Records contained in a dataset
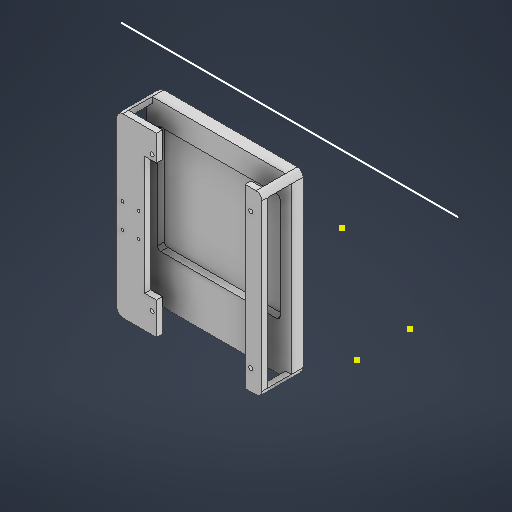
# Autodesk Inventor part: Box2
Saved by Autodesk Inventor 2026 (Build 300175000, 175)
## iProperties
Created: 2025-12-06
Part Number: Box2
Material: Generic
Document SubType Name: Modeling
Designer: sudis
Density: 1 g/cm^3
Appearance: Default
Author: sudis
Autodesk Inventor part; units mm, degrees
ref_plane "Work Plane1" through (-141.8656, 16.9601, -97.2578) normal (0, 0, -1) x (-1, 0, 0)
sketch "Sketch1" plane through (-141.8656, 16.9601, -97.2578) normal (0, 0, -1) x (-1, 0, 0)
  line L0 (61.5, 85.55) -> (-61.5, 85.55)
  line L1 (-61.5, 85.55) -> (-61.5, -85.55)
  line L2 (-61.5, -85.55) -> (61.5, -85.55)
  line L3 (61.5, -85.55) -> (61.5, 85.55)
  line L4 (-49.2, 45.05) -> (49.2, 45.05) projected
  arc A0 (-49.2, 45.25) -> (-51.5, 42.95) centre (-49.2, 42.95) ccw projected
  line L5 (-51.5, -42.95) -> (-51.5, 42.95) projected
  arc A1 (-51.5, -42.95) -> (-49.2, -45.25) centre (-49.2, -42.95) ccw projected
  line L6 (49.2, -45.25) -> (-49.2, -45.25) projected
  arc A2 (49.2, -45.25) -> (51.5, -42.95) centre (49.2, -42.95) ccw projected
  line L7 (51.5, 42.95) -> (51.5, -42.95) projected
  arc A3 (51.5, 42.95) -> (49.2, 45.25) centre (49.2, 42.95) ccw projected
  line L8 (-49.2, 45.25) -> (49.2, 45.25) projected
  line L9 (-1.4388, 35.9111) -> (-1.4388, 43.9889) projected
  ellipse E0 centre (-1.2387, 43.9887) end of major axis (-1.3802, 44.1302) minor radius 0.2 (-1.2389, 44.1888) -> (-1.4388, 43.9889) ccw projected
  line L10 (1.2389, 44.1888) -> (-1.2389, 44.1888) projected
  ellipse E1 centre (1.2387, 43.9887) end of major axis (1.3802, 44.1302) minor radius 0.2 (1.4388, 43.9889) -> (1.2389, 44.1888) ccw projected
  line L11 (1.4388, 43.9889) -> (1.4388, 35.9111) projected
  ellipse E2 centre (1.0386, 35.9114) end of major axis (1.3217, 35.6283) minor radius 0.4 (1.0389, 35.5112) -> (1.4388, 35.9111) ccw projected
  line L12 (-1.0389, 35.5112) -> (1.0389, 35.5112) projected
  ellipse E3 centre (-1.0386, 35.9114) end of major axis (-1.3217, 35.6283) minor radius 0.4 (-1.4388, 35.9111) -> (-1.0389, 35.5112) ccw projected
  arc A4 (1.3, 34.75) -> (1.9, 35.35) centre (1.3, 35.35) ccw projected
  line L13 (1.9, 40.81) -> (1.9, 35.35) projected
  arc A5 (2.1, 41.01) -> (1.9, 40.81) centre (2.1, 40.81) ccw projected
  line L14 (2.1, 41.01) -> (2.9, 41.01) projected
  arc A6 (2.9, 41.01) -> (2.9, 41.95) centre (2.9, 41.48) ccw projected
  line L15 (2.9, 41.95) -> (2.1, 41.95) projected
  arc A7 (1.9, 42.15) -> (2.1, 41.95) centre (2.1, 42.15) ccw projected
  line L16 (1.9, 43.9887) -> (1.9, 42.15) projected
  ellipse E4 centre (2.1, 43.9887) end of major axis (2.1, 44.1888) minor radius 0.2 (2.1, 44.1888) -> (1.9, 43.9887) ccw projected
  line L17 (48.7, 44.1888) -> (2.1, 44.1888) projected
  ellipse E5 centre (48.7, 43.1884) end of major axis (48.7, 44.1888) minor radius 1 (49.7, 43.1884) -> (48.7, 44.1888) ccw projected
  line L18 (49.7, 43.1884) -> (49.7, 39.02) projected
  arc A8 (49.5, 38.82) -> (49.7, 39.02) centre (49.5, 39.02) ccw projected
  line L19 (49.5, 38.82) -> (49.3, 38.82) projected
  arc A9 (49.3, 38.82) -> (49.3, 37.88) centre (49.3, 38.35) ccw projected
  line L20 (49.3, 37.88) -> (49.5, 37.88) projected
  arc A10 (49.7, 37.68) -> (49.5, 37.88) centre (49.5, 37.68) ccw projected
  line L21 (49.7, 37.68) -> (49.7, 33.65) projected
  arc A11 (48.7, 32.65) -> (49.7, 33.65) centre (48.7, 33.65) ccw projected
  line L22 (44.3574, 32.65) -> (48.7, 32.65) projected
  line L23 (44.3574, 32.65) -> (44.3574, 31.25) projected
  arc A12 (44.3574, 31.25) -> (46, 29.6074) centre (46, 31.25) ccw projected
  line L24 (46, 29.6074) -> (49.0579, 29.6074) projected
  spline S0 degree 3 poles (49.0579, 29.6074) (49.1602, 29.6074) (49.2528, 29.5891) (49.3382, 29.5567) (49.4237, 29.5242) (49.5019, 29.4774) (49.5659, 29.4253) (49.63, 29.3732) (49.6799, 29.3158) (49.7211, 29.2545) (49.7623, 29.1932) (49.7948, 29.128) (49.8186, 29.0541) (49.8423, 28.9803) (49.8574, 28.8977) (49.8574, 28.8079) knots 0.000001 0.000001 0.000001 0.000001 0.2 0.2 0.2 0.4 0.4 0.4 0.6 0.6 0.6 0.8 0.8 0.8 1 1 1 1 projected
  line L25 (49.8574, 28.8079) -> (49.8574, -24.3079) projected
  spline S1 degree 3 poles (49.8574, -24.3079) (49.8574, -24.3965) (49.8435, -24.4795) (49.8172, -24.5583) (49.7909, -24.6372) (49.7523, -24.712) (49.7048, -24.7778) (49.6573, -24.8437) (49.601, -24.9008) (49.5354, -24.9492) (49.4699, -24.9976) (49.3952, -25.0375) (49.3152, -25.0649) (49.2351, -25.0923) (49.1498, -25.1074) (49.0579, -25.1074) knots 0 0 0 0 0.2 0.2 0.2 0.4 0.4 0.4 0.6 0.6 0.6 0.8 0.8 0.8 1 1 1 1 projected
  line L26 (49.0579, -25.1074) -> (46, -25.1074) projected
  arc A13 (46, -25.1074) -> (46, -28.3926) centre (46, -26.75) ccw projected
  line L27 (46, -28.3926) -> (49.0579, -28.3926) projected
  spline S2 degree 3 poles (49.0579, -28.3926) (49.1602, -28.3926) (49.2528, -28.4109) (49.3382, -28.4433) (49.4237, -28.4758) (49.5019, -28.5226) (49.5659, -28.5747) (49.63, -28.6268) (49.6799, -28.6842) (49.7211, -28.7455) (49.7623, -28.8068) (49.7948, -28.872) (49.8186, -28.9459) (49.8423, -29.0197) (49.8574, -29.1023) (49.8574, -29.1921) knots 0.000001 0.000001 0.000001 0.000001 0.2 0.2 0.2 0.4 0.4 0.4 0.6 0.6 0.6 0.8 0.8 0.8 1 1 1 1 projected
  line L28 (49.8574, -29.1921) -> (49.8574, -42.95) projected
  arc A14 (49.2, -43.6074) -> (49.8574, -42.95) centre (49.2, -42.95) ccw projected
  line L29 (49.2, -43.6074) -> (-49.2, -43.6074) projected
  arc A15 (-49.8574, -42.95) -> (-49.2, -43.6074) centre (-49.2, -42.95) ccw projected
  line L30 (-49.8574, -42.95) -> (-49.8574, -29.1921) projected
  spline S3 degree 3 poles (-49.8574, -29.1921) (-49.8574, -29.1035) (-49.8435, -29.0205) (-49.8172, -28.9417) (-49.7909, -28.8628) (-49.7523, -28.788) (-49.7048, -28.7222) (-49.6573, -28.6563) (-49.601, -28.5992) (-49.5354, -28.5508) (-49.4699, -28.5024) (-49.3952, -28.4625) (-49.3152, -28.4351) (-49.2351, -28.4077) (-49.1498, -28.3926) (-49.0579, -28.3926) knots 0 0 0 0 0.2 0.2 0.2 0.4 0.4 0.4 0.6 0.6 0.6 0.8 0.8 0.8 1 1 1 1 projected
  line L31 (-49.0579, -28.3926) -> (-40, -28.3926) projected
  arc A16 (-40, -28.3926) -> (-40, -25.1074) centre (-40, -26.75) ccw projected
  line L32 (-40, -25.1074) -> (-49.0579, -25.1074) projected
  spline S4 degree 3 poles (-49.0579, -25.1074) (-49.1602, -25.1074) (-49.2528, -25.0891) (-49.3382, -25.0567) (-49.4237, -25.0242) (-49.5019, -24.9774) (-49.5659, -24.9253) (-49.63, -24.8732) (-49.6799, -24.8158) (-49.7211, -24.7545) (-49.7623, -24.6932) (-49.7948, -24.628) (-49.8186, -24.5541) (-49.8423, -24.4803) (-49.8574, -24.3977) (-49.8574, -24.3079) knots 0.000001 0.000001 0.000001 0.000001 0.2 0.2 0.2 0.4 0.4 0.4 0.6 0.6 0.6 0.8 0.8 0.8 1 1 1 1 projected
  line L33 (-49.8574, -24.3079) -> (-49.8574, 25.9079) projected
  spline S5 degree 3 poles (-49.8574, 25.9079) (-49.8574, 26.0102) (-49.8391, 26.1028) (-49.8067, 26.1882) (-49.7742, 26.2737) (-49.7274, 26.3519) (-49.6753, 26.4159) (-49.6232, 26.48) (-49.5658, 26.5299) (-49.5045, 26.5711) (-49.4432, 26.6123) (-49.378, 26.6448) (-49.3041, 26.6686) (-49.2303, 26.6923) (-49.1477, 26.7074) (-49.0579, 26.7074) knots 0.000001 0.000001 0.000001 0.000001 0.2 0.2 0.2 0.4 0.4 0.4 0.6 0.6 0.6 0.8 0.8 0.8 1 1 1 1 projected
  line L34 (-49.0579, 26.7074) -> (-36.4, 26.7074) projected
  arc A17 (-36.4, 26.7074) -> (-34.3574, 28.75) centre (-36.4, 28.75) ccw projected
  line L35 (-34.3574, 28.75) -> (-34.3574, 32.65) projected
  line L36 (-34.3574, 32.65) -> (-48.7, 32.65) projected
  arc A18 (-49.7, 33.65) -> (-48.7, 32.65) centre (-48.7, 33.65) ccw projected
  line L37 (-49.7, 33.65) -> (-49.7, 37.68) projected
  arc A19 (-49.5, 37.88) -> (-49.7, 37.68) centre (-49.5, 37.68) ccw projected
  line L38 (-49.5, 37.88) -> (-49.3, 37.88) projected
  arc A20 (-49.3, 37.88) -> (-49.3, 38.82) centre (-49.3, 38.35) ccw projected
  line L39 (-49.3, 38.82) -> (-49.5, 38.82) projected
  arc A21 (-49.7, 39.02) -> (-49.5, 38.82) centre (-49.5, 39.02) ccw projected
  line L40 (-49.7, 39.02) -> (-49.7, 43.1884) projected
  ellipse E6 centre (-48.7, 43.1884) end of major axis (-48.7, 44.1888) minor radius 1 (-48.7, 44.1888) -> (-49.7, 43.1884) ccw projected
  line L41 (-2.1, 44.1888) -> (-48.7, 44.1888) projected
  ellipse E7 centre (-2.1, 43.9887) end of major axis (-2.1, 44.1888) minor radius 0.2 (-1.9, 43.9887) -> (-2.1, 44.1888) ccw projected
  line L42 (-1.9, 35.69) -> (-1.9, 43.9887) projected
  line L43 (-1.9, 35.69) -> (-2.9, 35.69) projected
  arc A22 (-2.9, 35.69) -> (-2.9, 34.75) centre (-2.9, 35.22) ccw projected
  line L44 (-2.9, 34.75) -> (1.3, 34.75) projected
  line L45 (36.45, -75.55) -> (36.45, 75.55) projected
  line L46 (-36.45, -75.55) -> (36.45, -75.55) projected
  line L47 (-36.45, 75.55) -> (-36.45, -75.55) projected
  line L48 (36.45, 75.55) -> (-36.45, 75.55) projected
  point P0 (-141.8656, -16.9601)
  dimension "d2" = 10
  dimension "d3" = 10
  dimension "d4" = 10
  dimension "d5" = 10
  constraints: 8 end point, 2 parallel, 1 horizontal, 1 perpendicular, 8 other
  measures "d2" distance between parallel lines of L48 L0
  measures "d3" distance between parallel lines of L2 L46
  measures "d4" distance between parallel lines of L1 L5
  measures "d5" distance between parallel lines of L3 L7
extrude "Extrusion1" add sketch "Sketch1" against normal blind 85 contours L3 L2 L1 L0 | L47 L8 L45 L4 | L47 L41 E6 L40 A21 L39 A20 L38 A19 L37 A18 L36 L34 S5 L33 S4 L32 A16 L31 S3 L30 A15 L29 L6 A1 L5 A0 L8 | L4 L45 L17 E4 L16 A7 L15 A6 L14 A5 L13 A4 L44 A22 L43 L42 E7 L41 L47 | L45 L8 A3 L7 A2 L6 L29 A14 L28 S2 L27 A13 L26 S1 L25 S0 L24 A12 L23 L22 A11 L21 A10 L20 A9 L19 A8 L18 E5 L17 | L47 L48 L45 L8 | L47 L36 A18 L37 A19 L38 A20 L39 A21 L40 E6 L41 | L41 E7 L42 L43 A22 L44 A4 L13 A5 L14 A6 L15 A7 L16 E4 L17 L45 L29 L47 L34 A17 L35 L36 | L17 E5 L18 A8 L19 A9 L20 A10 L21 A11 L22 L23 A12 L24 S0 L25 S1 L26 A13 L27 S2 L28 A14 L29 L45 | L36 L35 A17 L34 L47 | L45 L6 L47 L29 | L47 L29 A15 L30 S3 L31 A16 L32 S4 L33 S5 L34 | L45 L46 L47 L6 | L9 E0 L10 E1 L11 E2 L12 E3
sketch "Sketch2" plane through (-80.3656, -68.5899, -97.2578) normal (1, 0, 0) x (0, 0, -1)
  line L0 (-80, 5) -> (-5, 5)
  line L1 (-5, 5) -> (-5, 166.1)
  line L2 (-5, 166.1) -> (-80, 166.1)
  line L3 (-80, 166.1) -> (-80, 5)
  line L4 (-85, 0) -> (-85, 171.1) projected
  line L5 (0, 171.1) -> (-85, 171.1) projected
  line L6 (0, 171.1) -> (0, 0) projected
  line L7 (0, 0) -> (-85, 0) projected
  point P0 (-97.2578, 68.5899)
  point P1 (-42.5, 171.1)
  dimension "d8" = 5
  dimension "d9" = 5
  dimension "d10" = 5
  dimension "d11" = 5
  constraints: 8 end point, 2 parallel, 1 horizontal, 1 midpoint, 1 perpendicular
  measures "d8" distance between parallel lines of L4 L3
  measures "d9" distance from line of point (-42.5, 171.1) L2
  measures "d10" distance between parallel lines of L6 L1
  measures "d11" distance between parallel lines of L7 L0
extrude "Extrusion2" cut sketch "Sketch2" against normal blind 237.5 contours L3 L2 L1 L0
sketch "Sketch3" plane through (-203.3656, -68.5899, -97.2578) normal (0, -1, 0) x (1, 0, 0)
  line L0 (5, 80) -> (118, 80)
  line L1 (118, 80) -> (118, 5)
  line L2 (118, 5) -> (5, 5)
  line L3 (5, 5) -> (5, 80)
  line L4 (0, 85) -> (123, 85) projected
  line L5 (123, 0) -> (123, 85) projected
  line L6 (123, 0) -> (0, 0) projected
  line L7 (0, 0) -> (0, 85) projected
  point P0 (203.3656, 97.2578)
  dimension "d14" = 5
  dimension "d15" = 5
  dimension "d16" = 5
  dimension "d17" = 5
  constraints: 8 end point, 2 parallel, 1 horizontal, 1 perpendicular
  measures "d14" distance between parallel lines of L4 L0
  measures "d15" distance between parallel lines of L5 L1
  measures "d16" distance between parallel lines of L6 L2
  measures "d17" distance between parallel lines of L7 L3
extrude "Extrusion3" cut sketch "Sketch3" against normal blind 402.2625 contours L0 L1 L2 L3
sketch "Sketch4" plane through (-80.3656, -63.5899, -92.2578) normal (0, 0, 1) x (1, 0, 0)
  line L0 (-97.95, 5) -> (-97.95, 156.1) projected
  line L1 (-25.05, 5) -> (-97.95, 5) projected
  line L2 (-25.05, 156.1) -> (-25.05, 5) projected
  line L3 (-97.95, 156.1) -> (-25.05, 156.1) projected
  line L4 (-98.2, 156.35) -> (-98.2, 4.75)
  line L5 (-98.2, 4.75) -> (-24.8, 4.75)
  line L6 (-24.8, 4.75) -> (-24.8, 156.35)
  line L7 (-24.8, 156.35) -> (-98.2, 156.35)
  point P0 (80.3656, 63.5899)
  dimension "d20" = 0.25
  constraints: 8 end point, 3 other
  measures "d20" distance between parallel lines of L0 L4
sketch "Sketch5" plane through (-141.8656, 16.9601, -97.2578) normal (0, 0, -1) x (-1, 0, 0)
  line L0 (-61.5, 85.55) -> (-61.5, -85.55) projected
  line L1 (-61.5, -85.55) -> (61.5, -85.55) projected
  line L2 (61.5, -85.55) -> (61.5, 85.55) projected
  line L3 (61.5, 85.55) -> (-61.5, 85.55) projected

EXERCISE GOAL: All that is wanted is each line, word for word, from the first line of the data to the one holding "line L9 (-1.4388, 35.9111)", with the pictures left out.

RESULT OF THIS EXERCISE:
# Autodesk Inventor part: Box2
Saved by Autodesk Inventor 2026 (Build 300175000, 175)
## iProperties
Created: 2025-12-06
Part Number: Box2
Material: Generic
Document SubType Name: Modeling
Designer: sudis
Density: 1 g/cm^3
Appearance: Default
Author: sudis
Autodesk Inventor part; units mm, degrees
ref_plane "Work Plane1" through (-141.8656, 16.9601, -97.2578) normal (0, 0, -1) x (-1, 0, 0)
sketch "Sketch1" plane through (-141.8656, 16.9601, -97.2578) normal (0, 0, -1) x (-1, 0, 0)
  line L0 (61.5, 85.55) -> (-61.5, 85.55)
  line L1 (-61.5, 85.55) -> (-61.5, -85.55)
  line L2 (-61.5, -85.55) -> (61.5, -85.55)
  line L3 (61.5, -85.55) -> (61.5, 85.55)
  line L4 (-49.2, 45.05) -> (49.2, 45.05) projected
  arc A0 (-49.2, 45.25) -> (-51.5, 42.95) centre (-49.2, 42.95) ccw projected
  line L5 (-51.5, -42.95) -> (-51.5, 42.95) projected
  arc A1 (-51.5, -42.95) -> (-49.2, -45.25) centre (-49.2, -42.95) ccw projected
  line L6 (49.2, -45.25) -> (-49.2, -45.25) projected
  arc A2 (49.2, -45.25) -> (51.5, -42.95) centre (49.2, -42.95) ccw projected
  line L7 (51.5, 42.95) -> (51.5, -42.95) projected
  arc A3 (51.5, 42.95) -> (49.2, 45.25) centre (49.2, 42.95) ccw projected
  line L8 (-49.2, 45.25) -> (49.2, 45.25) projected
  line L9 (-1.4388, 35.9111) -> (-1.4388, 43.9889) projected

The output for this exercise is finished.